Roger, his father-in-law Dafydd Gam and his recently married son, Roger, had been part of the Welsh contingent that fought with Henry V of England, popularly designated Harry of Monmouth, at the Battle of Agincourt on 25 October 1415. Henry's forces faced formidable odds: illness and impediments in the form of destroyed bridges, well-guarded river crossings, fortification and greatly hindered access to cattle as a means of food by the French. Henry's extremely loyal troops pushed on in spite of illness, starvation and fatigue. Upon hearing that his army would be outnumbered, Henry sent Roger's father-in-law Dafydd Gam to observe the size and motion of the French troops. Observing that they would be significantly outnumbered, and not wanting to daunt Henry or his kinmen, Dafydd's response upon his return was that there were "enough to be killed, enough to be taken prisoners and enough to be run away."

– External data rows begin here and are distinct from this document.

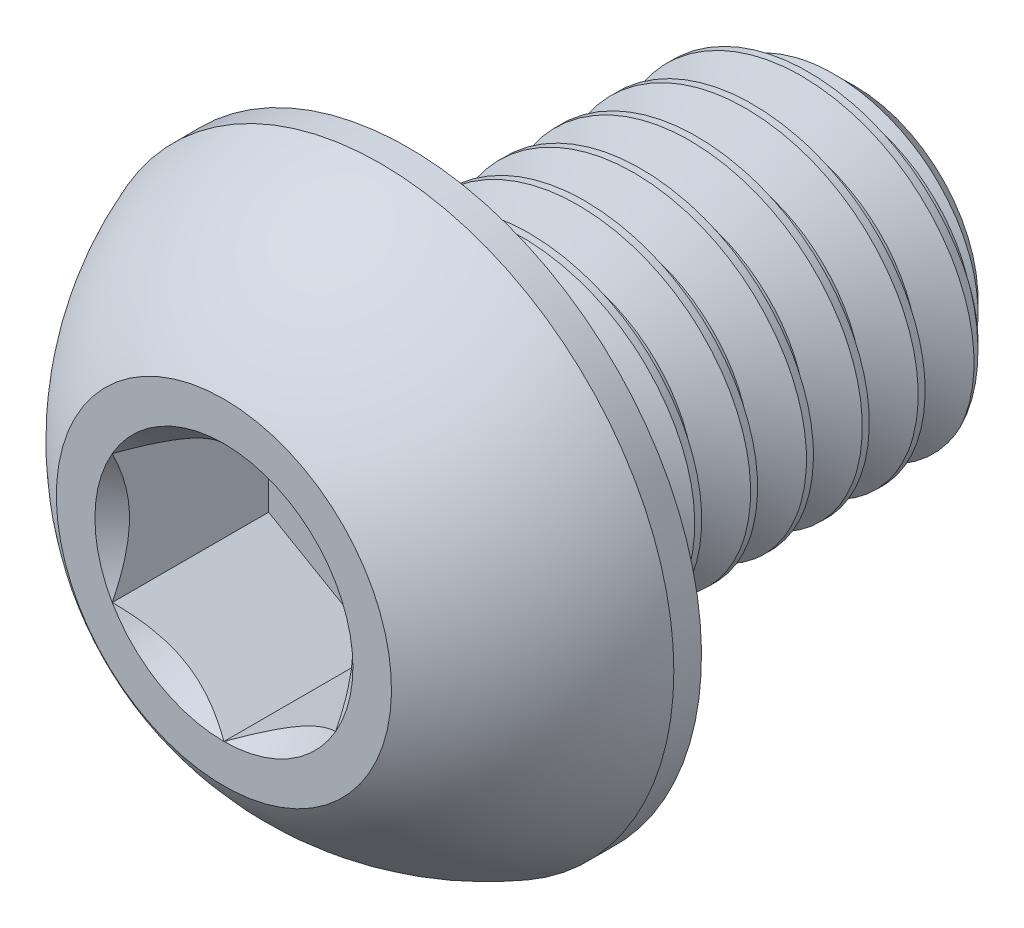
SolidWorks part; units mm, degrees
material "Plain Carbon Steel"
ref_plane "Front Plane" through (0, 0, 0) normal (0, 0, 1) x (1, 0, 0)
ref_plane "Top Plane" through (0, 0, 0) normal (0, 1, 0) x (1, 0, 0)
ref_plane "Right Plane" through (0, 0, 0) normal (1, 0, 0) x (0, 0, -1)
sketch "Sketch1" plane through (0, 0, 0) normal (1, 0, 0) x (0, 0, -1)
  line L0 (-5.65, 0) -> (5.65, 0) construction
  line L1 (-2.35, 5.25) -> (-2.35, -5.25) construction
  line L2 (5.65, 3) -> (5.65, -3) construction
  line L3 (5.5875, 3.1083) -> (6.0875, 2.2422) construction
  line L4 (6.0875, 2.2422) -> (6.5875, 3.1083) construction
  line L5 (6.5875, 3.1083) -> (5.5875, 3.1083) construction
  line L6 (5.65, 3) -> (6.525, 3) construction
  line L7 (6.0875, 3.1083) -> (6.0875, 3) construction
  line L8 (6.0875, 3) -> (6.0875, 2.3505) construction
  line L9 (6.0875, 2.3505) -> (6.0875, 2.2422) construction
  line L10 (6.025, 2.3505) -> (6.15, 2.3505)
  line L11 (5.6187, 3.0541) -> (6.5562, 3.0541)
  line L12 (6.15, 2.3505) -> (6.5562, 3.0541)
  line L13 (6.025, 2.3505) -> (5.6187, 3.0541)
  line L14 (-5.65, 2) -> (-5.65, -2) construction
  line L15 (5.65, 3) -> (-2.35, 3) construction
  point P3 (-2.35, 0)
  point P6 (-2.85, 0)
  point P21 (6.0875, 3.0541)
  point P24 (-2.845, 5.25)
  point P25 (3.15, -3)
  point P26 (-5.65, 3)
  dimension "Head Height" = 3.3
  dimension "Length" = 8
  dimension "Head Dia" = 10.5
  dimension "Thread Dia" = 6
  dimension "Pitch" = 1
  dimension "Drive Size" = 4
  dimension "D1" = 2.8
  dimension "D3" = 0.495
  dimension "D4" = 2.5
sketch "Sketch2" plane through (0, 0, 0) normal (1, 0, 0) x (0, 0, -1)
  line L0 (-5.65, 0) -> (5.65, 0)
  line L1 (5.65, 0) -> (5.65, 2.2)
  line L2 (5.65, 3) -> (5.65, -3) construction
  line L3 (5.65, 2.2) -> (4.85, 3)
  line L4 (4.85, 3) -> (-2.35, 3)
  line L5 (-2.35, 5.25) -> (-2.35, -5.25) construction
  line L6 (-2.35, 3) -> (-2.35, 5.25)
  line L7 (-2.35, 5.25) -> (-2.845, 5.25)
  line L8 (5.65, 3) -> (6.525, 3) construction
  line L9 (-5.65, 0) -> (-5.65, 3)
  arc A0 (-5.65, 3) -> (-2.845, 5.25) centre (-0.9387, 0) cw
  dimension "D1" = 0.8
  dimension "D2" = 45
revolve "Revolve1" add sketch "Sketch2" angle 360 about L0
sketch "Sketch3" plane through (0, 0, 5.65) normal (0, 0, 1) x (1, 0, 0)
  line L1 (0, 2.3094) -> (-2, 1.1547)
  line L2 (-2, 1.1547) -> (-2, -1.1547)
  line L3 (-2, -1.1547) -> (0, -2.3094)
  line L4 (0, -2.3094) -> (2, -1.1547)
  line L5 (2, -1.1547) -> (2, 1.1547)
  line L6 (2, 1.1547) -> (0, 2.3094)
  circle A0 centre (0, 0) radius 2 construction
  dimension "D1" = 4
extrude "Cut-Extrude1" cut sketch "Sketch3" against normal up to vertex (2.8 mm away) up to point (0, 0, 2.85)
sketch "Sketch4" plane through (0, 0, 5.65) normal (0, 0, 1) x (1, 0, 0)
  circle A0 centre (0, 0) radius 2.3094
extrude "Cut-Extrude2" cut sketch "Sketch4" against normal blind 10 draft 45
split "Split1" bodies to split 106 resulting bodies 107 108 split by face at (0, -5.25, 2.35)
sketch "Sketch5" plane through (0, 0, -5.65) normal (0, 0, -1) x (-1, 0, 0)
  circle A0 centre (0, 0) radius 3 construction
  circle A1 centre (0, 0) radius 3
curve "Helix/Spiral1" pitch 1 height 9 radius 3 centre (0, 0, -5.65) axis (0, 0, 1) start towards (0, 1, 0)
sketch "Sketch6" plane through (0, 0, 0) normal (1, 0, 0) x (0, 0, -1)
  line L0 (6.025, 2.3505) -> (6.15, 2.3505) construction
  line L1 (6.025, 2.3505) -> (5.6187, 3.0541) construction
  line L2 (5.6187, 3.0541) -> (6.5562, 3.0541) construction
  line L3 (6.15, 2.3505) -> (6.5562, 3.0541) construction
  line L4 (6.025, 2.3505) -> (6.15, 2.3505)
  line L5 (6.025, 2.3505) -> (5.6187, 3.0541)
  line L6 (5.6187, 3.0541) -> (6.5562, 3.0541)
  line L7 (6.15, 2.3505) -> (6.5562, 3.0541)
sweep "Cut-Sweep1" cut profiles "Sketch6" path "Helix/Spiral1" align with end faces yes
sketch "Sketch7" plane through (0, 0, 2.35) normal (0, 0, -1) x (-1, 0, 0)
  circle A1 centre (0, 0) radius 3
  circle A2 centre (0, 0) radius 3
  dimension "D1" = 0
extrude "Boss-Extrude1" add sketch "Sketch7" along normal blind 10 draft 30
equation "\"D2@Sketch1\" = \"Pitch@Sketch1\" / 8"
equation "\"D1@Sketch1\"=\"Drive Size@Sketch1\"*.7"
equation "\"D3@Sketch1\"=\"Head Height@Sketch1\"*.15"
equation "\"D1@Sketch2\"=\"Pitch@Sketch1\"*.8"
equation "\"D1@Sketch3\"=\"Drive Size@Sketch1\""
equation "\"D4@Helix/Spiral1\"=\"Pitch@Sketch1\""
equation "\"D3@Helix/Spiral1\"=\"Length@Sketch1\"+\"Pitch@Sketch1\""
equation "\"D4@Sketch1\"=\"Pitch@Sketch1\"*2.5"

Sixteen French knights who had taken a solemn oath to do what was necessary to seize Henry V, succeeding in unhorsing the king, who risked certain death at the hands of the knights. Dayfdd called to his Brecon kinsmen, including both Roger Vaughans, William ap Thomas and William Lloyd. They managed to bring down each of the sixteen knights. Henry V's valiant fight and his own exposure to danger in order to protect his injured brother, Humphrey of Lancaster, 1st Duke of Gloucester, inspired and emboldened the English who met the French forces decidedly, killing or capturing their leaders, resulting in confusion and flight.

While Henry V would meet with success in this battle, Dafydd, the elder Roger Vaughan and William Lloyd were mortally wounded.

Legends appeared in the 16th century claiming that upon saving the life of Henry V at the expense of their own lives, both men were knighted by the king on the battlefield before they died. However, there is no contemporary validation that the legends are true.